Concerning the effects of IL-10, we found only a mildly attenuating effect of the IL-10-encoding MHV vector on the in vivo DC transduction efficacy indicating that the system is well-suited to target both an antigen and the immune-modulatory cytokine IL-10 to DCs. Furthermore, although in vitro experiments showed that specific IL-10 delivery can to some extent inhibit DC maturation, these effects could not be demonstrated in vivo, i.e. unlike in the in vitro experiments, in vivo DC transduction with IL-10-encoding vectors did not significantly impact on DC maturation, i.e. the maturation markers CD86 and CD40 were not down-regulated compared to DCs transduced with the vector not encoding a cytokine. To assess the impact of vector-encoded IL-10 on the induction of CD8+ T cells, we immunized C57BL/6 mice with 106 pfu of the different GFP-GP34-encoding vectors. We confirmed that GM-CSF efficiently enhanced the immunogenicity of the vector, whereas IL-10 led to a mild attenuation. However, the immune-attenuating effect of IL-10 delivered to DCs on CD8+ T cells was not detectable at later time points post immunization. Likewise, immunization with bgal-expressing MHV vectors failed to reveal an immune attenuating effect on CD8+ T cells. Furthermore, IFN-g production by bgal-specific CD8+ T cell was not affected by the absence or presence of IL-10 in the MHV vector indicating that, despite a clearly detectable effect on DCs in vitro, MHV vector-mediated in vivo transfer of IL-10 to DCs only mildly affected the generation of vector-specific CD8+ T cells.

Taken together, the results obtained in WP4 showed that
MHV vector-mediated delivery of IL-10 to DCs is feasible both in vitro and in vivo,
MHV vector-encoded IL-10 negatively affects DC immune functions in vitro, and
MHV vector-encoded IL-10 stimulates CD4+ T cell responses in vivo.
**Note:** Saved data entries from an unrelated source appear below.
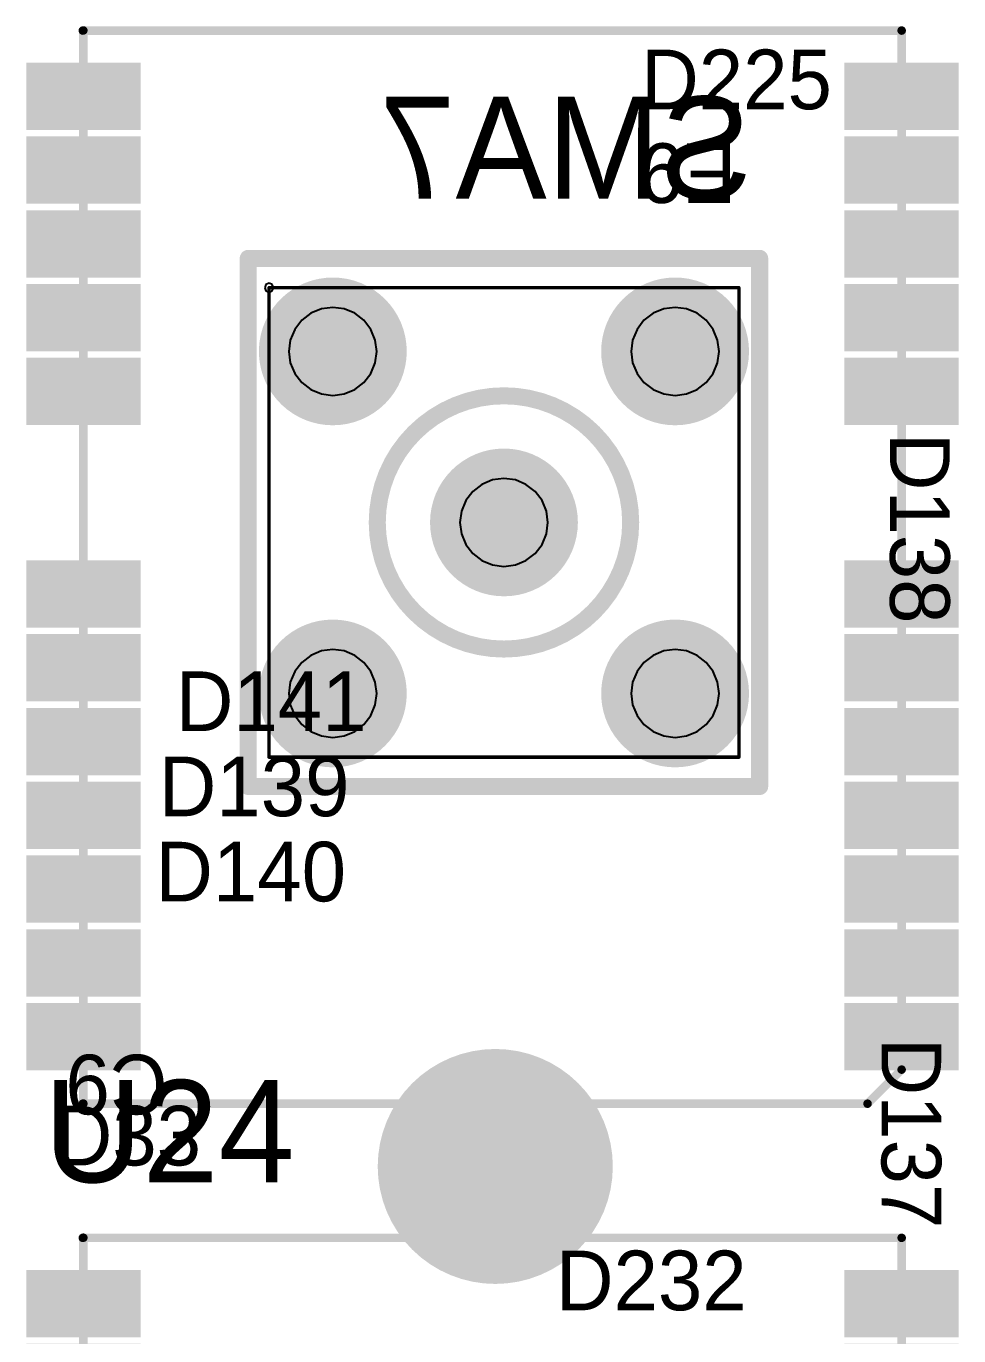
# Model space of a CAD drawing. Extents: x 11.69 to 17.18, y 4.05 to 12.26.
# Drawn here: x 13.892 to 14.439, y 8.054 to 8.823 of the extents above; entities that cross this region are included whole.
import ezdxf

# ---------------------------------------------------------------- set-up
doc = ezdxf.new("R2010")
doc.units = 0
doc.layers.get('0').update_dxf_attribs({"linetype": 'CONTINUOUS'})
for name, color, linetype in [('BOTTOMLAYER', 5, 'CONTINUOUS'), ('BOTTOMOVERLAY', 54, 'CONTINUOUS'), ('BOTTOMSOLDER', 6, 'CONTINUOUS'), ('MECHANICAL10', 56, 'CONTINUOUS'), ('MECHANICAL6', 56, 'CONTINUOUS'), ('MECHANICAL8', 56, 'CONTINUOUS'), ('MECHANICAL9', 56, 'CONTINUOUS'), ('MULTILAYER', 9, 'CONTINUOUS'), ('TOPLAYER', 1, 'CONTINUOUS'), ('TOPOVERLAY', 2, 'CONTINUOUS'), ('TOPPASTE', 8, 'CONTINUOUS'), ('TOPSOLDER', 216, 'CONTINUOUS')]:
    doc.layers.add(name, color=color, linetype=linetype)

# ---------------------------------------------------------------- blocks, each defined once
blk = doc.blocks.new('SMA_TH_HL_SMA_KHD4_B_31')
at = {"layer": 'BOTTOMLAYER', "const_width": 0.03937}
for points in [[(-0.12008, 0.10039, 1), (-0.08071, 0.10039, 1)], [(0.08071, 0.10039, 1), (0.12008, 0.10039, 1)], [(-0.01969, 0, 1), (0.01969, 0, 1)], [(-0.12008, -0.10039, 1), (-0.08071, -0.10039, 1)], [(0.08071, -0.10039, 1), (0.12008, -0.10039, 1)]]:
    blk.add_lwpolyline(points, format="xyb", close=True, dxfattribs=at)
at = {"layer": 'BOTTOMOVERLAY', "const_width": 0.01}
for points in [[(-0.155, -0.15), (-0.155, 0.15)], [(0.155, 0.15), (-0.155, 0.15)], [(0.155, -0.15), (0.155, 0.15)], [(0.155, -0.15), (-0.155, -0.15)]]:
    blk.add_lwpolyline(points, dxfattribs=at)
at = {"layer": 'BOTTOMOVERLAY'}
for points, const_width in [([(-0.1575, 0.15, 1), (-0.1525, 0.15, 1)], 0.005), ([(-0.1575, 0.15, 1), (-0.1525, 0.15, 1)], 0.005), ([(0.1525, 0.15, 1), (0.1575, 0.15, 1)], 0.005), ([(0.1525, 0.15, 1), (0.1575, 0.15, 1)], 0.005), ([(0.07433, 0, 1), (-0.07433, 0, 1)], 0.01), ([(-0.07683, 0, 1), (-0.07183, 0, 1)], 0.005), ([(0.07183, 0, 1), (0.07683, 0, 1)], 0.005), ([(-0.1575, -0.15, 1), (-0.1525, -0.15, 1)], 0.005), ([(-0.1575, -0.15, 1), (-0.1525, -0.15, 1)], 0.005), ([(0.1525, -0.15, 1), (0.1575, -0.15, 1)], 0.005), ([(0.1525, -0.15, 1), (0.1575, -0.15, 1)], 0.005)]:
    blk.add_lwpolyline(points, format="xyb", close=True, dxfattribs=dict(at, const_width=const_width))
at = {"layer": 'BOTTOMSOLDER', "const_width": 0.04337}
for points in [[(-0.12208, 0.10039, 1), (-0.07871, 0.10039, 1)], [(0.07871, 0.10039, 1), (0.12208, 0.10039, 1)], [(-0.02168, 0, 1), (0.02168, 0, 1)], [(-0.12208, -0.10039, 1), (-0.07871, -0.10039, 1)], [(0.07871, -0.10039, 1), (0.12208, -0.10039, 1)]]:
    blk.add_lwpolyline(points, format="xyb", close=True, dxfattribs=at)
at = {"layer": 'MECHANICAL6', "const_width": 0.002}
for points in [[(0.1378, 0.1378), (-0.13779, 0.1378)], [(-0.13779, -0.13779), (-0.13779, 0.1378)], [(0.1378, -0.13779), (0.1378, 0.1378)], [(0.1378, -0.13779), (-0.13779, -0.13779)]]:
    blk.add_lwpolyline(points, dxfattribs=at)
at = {"layer": 'MECHANICAL6', "const_width": 0.001}
for points in [[(-0.13829, 0.1378, 1), (-0.13729, 0.1378, 1)], [(-0.13829, 0.1378, 1), (-0.13729, 0.1378, 1)], [(0.1373, 0.1378, 1), (0.1383, 0.1378, 1)], [(0.1373, 0.1378, 1), (0.1383, 0.1378, 1)], [(-0.13829, -0.13779, 1), (-0.13729, -0.13779, 1)], [(-0.13829, -0.13779, 1), (-0.13729, -0.13779, 1)], [(0.1373, -0.13779, 1), (0.1383, -0.13779, 1)], [(0.1373, -0.13779, 1), (0.1383, -0.13779, 1)]]:
    blk.add_lwpolyline(points, format="xyb", close=True, dxfattribs=at)
at = {"layer": 'MECHANICAL8'}
for p, q in [((-0.1396, -0.13599), (-0.14035, -0.13779)), ((-0.14035, -0.13779), (-0.14035, -0.13779)), ((-0.14035, -0.13779), (-0.1396, -0.1396)), ((-0.13779, -0.13524), (-0.1396, -0.13599)), ((-0.13599, -0.13599), (-0.13779, -0.13524)), ((-0.13524, -0.13779), (-0.13599, -0.13599)), ((-0.13599, -0.1396), (-0.13524, -0.13779)), ((-0.13524, -0.13779), (-0.13524, -0.13779)), ((-0.1396, -0.1396), (-0.13779, -0.14035)), ((-0.13779, -0.14035), (-0.13599, -0.1396))]:
    blk.add_line(p, q, dxfattribs=at)
at = {"layer": 'MECHANICAL9'}
for p, q in [((-0.10707, 0.12532), (-0.1133, 0.12274)), ((-0.10039, 0.1262), (-0.10707, 0.12532)), ((-0.09371, 0.12532), (-0.10039, 0.1262)), ((-0.08748, 0.12274), (-0.09371, 0.12532)), ((0.09371, 0.12532), (0.08748, 0.12274)), ((0.10039, 0.1262), (0.09371, 0.12532)), ((0.10707, 0.12532), (0.10039, 0.1262)), ((0.1133, 0.12274), (0.10707, 0.12532)), ((-0.11864, 0.11864), (-0.12274, 0.1133)), ((-0.1133, 0.12274), (-0.11864, 0.11864)), ((-0.08214, 0.11864), (-0.08748, 0.12274)), ((-0.07804, 0.1133), (-0.08214, 0.11864)), ((0.08214, 0.11864), (0.07804, 0.1133)), ((0.08748, 0.12274), (0.08214, 0.11864)), ((0.11864, 0.11864), (0.1133, 0.12274)), ((0.12274, 0.1133), (0.11864, 0.11864)), ((-0.12274, 0.1133), (-0.12532, 0.10707)), ((-0.07546, 0.10707), (-0.07804, 0.1133)), ((0.07804, 0.1133), (0.07546, 0.10707)), ((0.12532, 0.10707), (0.12274, 0.1133)), ((-0.12532, 0.10707), (-0.1262, 0.10039)), ((-0.1262, 0.10039), (-0.1262, 0.10039)), ((-0.1262, 0.10039), (-0.12532, 0.09371)), ((-0.07458, 0.10039), (-0.07546, 0.10707)), ((-0.07546, 0.09371), (-0.07458, 0.10039)), ((-0.07458, 0.10039), (-0.07458, 0.10039)), ((0.07546, 0.10707), (0.07458, 0.10039)), ((0.07458, 0.10039), (0.07458, 0.10039)), ((0.07458, 0.10039), (0.07546, 0.09371)), ((0.1262, 0.10039), (0.12532, 0.10707)), ((0.12532, 0.09371), (0.1262, 0.10039)), ((0.1262, 0.10039), (0.1262, 0.10039)), ((-0.12532, 0.09371), (-0.12274, 0.08748)), ((-0.07804, 0.08748), (-0.07546, 0.09371)), ((0.07546, 0.09371), (0.07804, 0.08748)), ((0.12274, 0.08748), (0.12532, 0.09371)), ((-0.12274, 0.08748), (-0.11864, 0.08214)), ((-0.08214, 0.08214), (-0.07804, 0.08748)), ((0.07804, 0.08748), (0.08214, 0.08214)), ((0.11864, 0.08214), (0.12274, 0.08748)), ((-0.11864, 0.08214), (-0.1133, 0.07804)), ((-0.1133, 0.07804), (-0.10707, 0.07546)), ((-0.09371, 0.07546), (-0.08748, 0.07804)), ((-0.08748, 0.07804), (-0.08214, 0.08214)), ((0.08214, 0.08214), (0.08748, 0.07804)), ((0.08748, 0.07804), (0.09371, 0.07546)), ((0.10707, 0.07546), (0.1133, 0.07804)), ((0.1133, 0.07804), (0.11864, 0.08214)), ((-0.10707, 0.07546), (-0.10039, 0.07458)), ((-0.10039, 0.07458), (-0.09371, 0.07546)), ((0.09371, 0.07546), (0.10039, 0.07458)), ((0.10039, 0.07458), (0.10707, 0.07546)), ((-0.00668, 0.02493), (-0.01291, 0.02235)), ((0, 0.02581), (-0.00668, 0.02493)), ((0.00668, 0.02493), (0, 0.02581)), ((0.01291, 0.02235), (0.00668, 0.02493)), ((-0.01825, 0.01825), (-0.02235, 0.01291)), ((-0.01291, 0.02235), (-0.01825, 0.01825)), ((0.01825, 0.01825), (0.01291, 0.02235)), ((0.02235, 0.01291), (0.01825, 0.01825)), ((-0.02235, 0.01291), (-0.02493, 0.00668)), ((0.02493, 0.00668), (0.02235, 0.01291)), ((-0.02493, 0.00668), (-0.02581, 0)), ((-0.02581, 0), (-0.02581, 0)), ((-0.02581, 0), (-0.02493, -0.00668)), ((0.02581, 0), (0.02493, 0.00668)), ((0.02493, -0.00668), (0.02581, 0)), ((0.02581, 0), (0.02581, 0)), ((-0.02493, -0.00668), (-0.02235, -0.01291)), ((0.02235, -0.01291), (0.02493, -0.00668)), ((-0.02235, -0.01291), (-0.01825, -0.01825)), ((0.01825, -0.01825), (0.02235, -0.01291)), ((-0.01825, -0.01825), (-0.01291, -0.02235)), ((-0.01291, -0.02235), (-0.00668, -0.02493)), ((0.00668, -0.02493), (0.01291, -0.02235)), ((0.01291, -0.02235), (0.01825, -0.01825)), ((-0.00668, -0.02493), (0, -0.02581)), ((0, -0.02581), (0.00668, -0.02493)), ((-0.10707, -0.07546), (-0.1133, -0.07804)), ((-0.10039, -0.07458), (-0.10707, -0.07546)), ((-0.09371, -0.07546), (-0.10039, -0.07458)), ((-0.08748, -0.07804), (-0.09371, -0.07546)), ((0.09371, -0.07546), (0.08748, -0.07804)), ((0.10039, -0.07458), (0.09371, -0.07546)), ((0.10707, -0.07546), (0.10039, -0.07458)), ((0.1133, -0.07804), (0.10707, -0.07546)), ((-0.11864, -0.08214), (-0.12274, -0.08748)), ((-0.1133, -0.07804), (-0.11864, -0.08214)), ((-0.08214, -0.08214), (-0.08748, -0.07804)), ((-0.07804, -0.08748), (-0.08214, -0.08214)), ((0.08214, -0.08214), (0.07804, -0.08748)), ((0.08748, -0.07804), (0.08214, -0.08214)), ((0.11864, -0.08214), (0.1133, -0.07804)), ((0.12274, -0.08748), (0.11864, -0.08214)), ((-0.12274, -0.08748), (-0.12532, -0.09371)), ((-0.07546, -0.09371), (-0.07804, -0.08748)), ((0.07804, -0.08748), (0.07546, -0.09371)), ((0.12532, -0.09371), (0.12274, -0.08748)), ((-0.12532, -0.09371), (-0.1262, -0.10039)), ((-0.07458, -0.10039), (-0.07546, -0.09371)), ((0.07546, -0.09371), (0.07458, -0.10039)), ((0.1262, -0.10039), (0.12532, -0.09371)), ((-0.1262, -0.10039), (-0.1262, -0.10039)), ((-0.1262, -0.10039), (-0.12532, -0.10707)), ((-0.12532, -0.10707), (-0.12274, -0.1133)), ((-0.07804, -0.1133), (-0.07546, -0.10707)), ((-0.07546, -0.10707), (-0.07458, -0.10039)), ((-0.07458, -0.10039), (-0.07458, -0.10039)), ((0.07458, -0.10039), (0.07458, -0.10039)), ((0.07458, -0.10039), (0.07546, -0.10707)), ((0.07546, -0.10707), (0.07804, -0.1133)), ((0.12274, -0.1133), (0.12532, -0.10707)), ((0.12532, -0.10707), (0.1262, -0.10039)), ((0.1262, -0.10039), (0.1262, -0.10039)), ((-0.12274, -0.1133), (-0.11864, -0.11864)), ((-0.08214, -0.11864), (-0.07804, -0.1133)), ((0.07804, -0.1133), (0.08214, -0.11864)), ((0.11864, -0.11864), (0.12274, -0.1133)), ((-0.11864, -0.11864), (-0.1133, -0.12274)), ((-0.1133, -0.12274), (-0.10707, -0.12532)), ((-0.09371, -0.12532), (-0.08748, -0.12274)), ((-0.08748, -0.12274), (-0.08214, -0.11864)), ((0.08214, -0.11864), (0.08748, -0.12274)), ((0.08748, -0.12274), (0.09371, -0.12532)), ((0.10707, -0.12532), (0.1133, -0.12274)), ((0.1133, -0.12274), (0.11864, -0.11864)), ((-0.10707, -0.12532), (-0.10039, -0.1262)), ((-0.10039, -0.1262), (-0.09371, -0.12532)), ((0.09371, -0.12532), (0.10039, -0.1262)), ((0.10039, -0.1262), (0.10707, -0.12532))]:
    blk.add_line(p, q, dxfattribs=at)
at = {"layer": 'MULTILAYER', "const_width": 0.03937}
for points in [[(-0.12008, 0.10039, 1), (-0.08071, 0.10039, 1)], [(0.08071, 0.10039, 1), (0.12008, 0.10039, 1)], [(-0.01969, 0, 1), (0.01969, 0, 1)], [(-0.12008, -0.10039, 1), (-0.08071, -0.10039, 1)], [(0.08071, -0.10039, 1), (0.12008, -0.10039, 1)]]:
    blk.add_lwpolyline(points, format="xyb", close=True, dxfattribs=at)
at = {"layer": 'TOPLAYER', "const_width": 0.03937}
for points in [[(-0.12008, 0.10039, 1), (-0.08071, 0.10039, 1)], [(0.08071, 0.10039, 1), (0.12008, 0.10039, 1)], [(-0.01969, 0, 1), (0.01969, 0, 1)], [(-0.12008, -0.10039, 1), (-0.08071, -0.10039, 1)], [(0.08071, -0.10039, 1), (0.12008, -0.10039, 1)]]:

WP5: The role of DC in antigen presentation

Introduction and objectives
A common vision of how dendritic cells (DCs) contribute to the induction and maintenance of peripheral CD4+ T cell tolerance is that, in resting conditions, immature DCs, expressing low levels of signal 1 (specificity) and low or no levels of signal 2 (costimulation), are able to induce T cell unresponsiveness.
The major objectives of WP5 were:
Elucidation whether chronic antigen exposure and/or state of DC activation are parameters relevant for the induction and maintenance of peripheral T cell tolerance
Based on the identified genes differentially expressed in lymph node and splenic DCs, elucidation of the molecular mechanisms through which lymph node DC and/or spleen DCs are able to tolerise auto-reactive T cells.

Results
In order to know whether DCs in general are able to induce T cell tolerance at the steady state or if this is a prerogative of specialized subsets, we took advantage of an experimental system where antigen presentation, in contrast to previous studies, is not a priori confined to a specific DC subpopulation but is extended to all conventional DC subtypes. Specifically, we adopted the 2a T transgenic animal model in which T cell receptor transgenic T cells (2a T cells) recognize a portion of the CH3 region (435-451) of the IgG2ab, the Bpep, in association with the MHC molecule, I-Ad. We also generated a mouse model in which the Bpep was presented by CD11c+ cells that include all conventional DC subtypes.
By performing a systematic study of the behaviour of naive autoantigen-specific T cells after interaction with all conventional CD11c+ DCs in homeostatic conditions we found that DCs are able to induce CD4+ T cell tolerance by promoting the conversion of autoantigen-specific naive T cells into iTreg cells. Among the different DC subtypes, steady state migratory DCs (ssmDCs) possessed unique ability to induce antigen-specific iTreg cells. Diversely, lymphoid tissue resident DCs did not show this capacity. Therefore, iTreg cells developed solely in lymph nodes and not in the spleen, which does not host the migratory DC subtype. We also found that ssmDCs were able to induce iTreg cell conversion in a RA-dependent manner and that newly generated iTreg cells were not able to re-circulate but resided in the lymph nodes where they were generated.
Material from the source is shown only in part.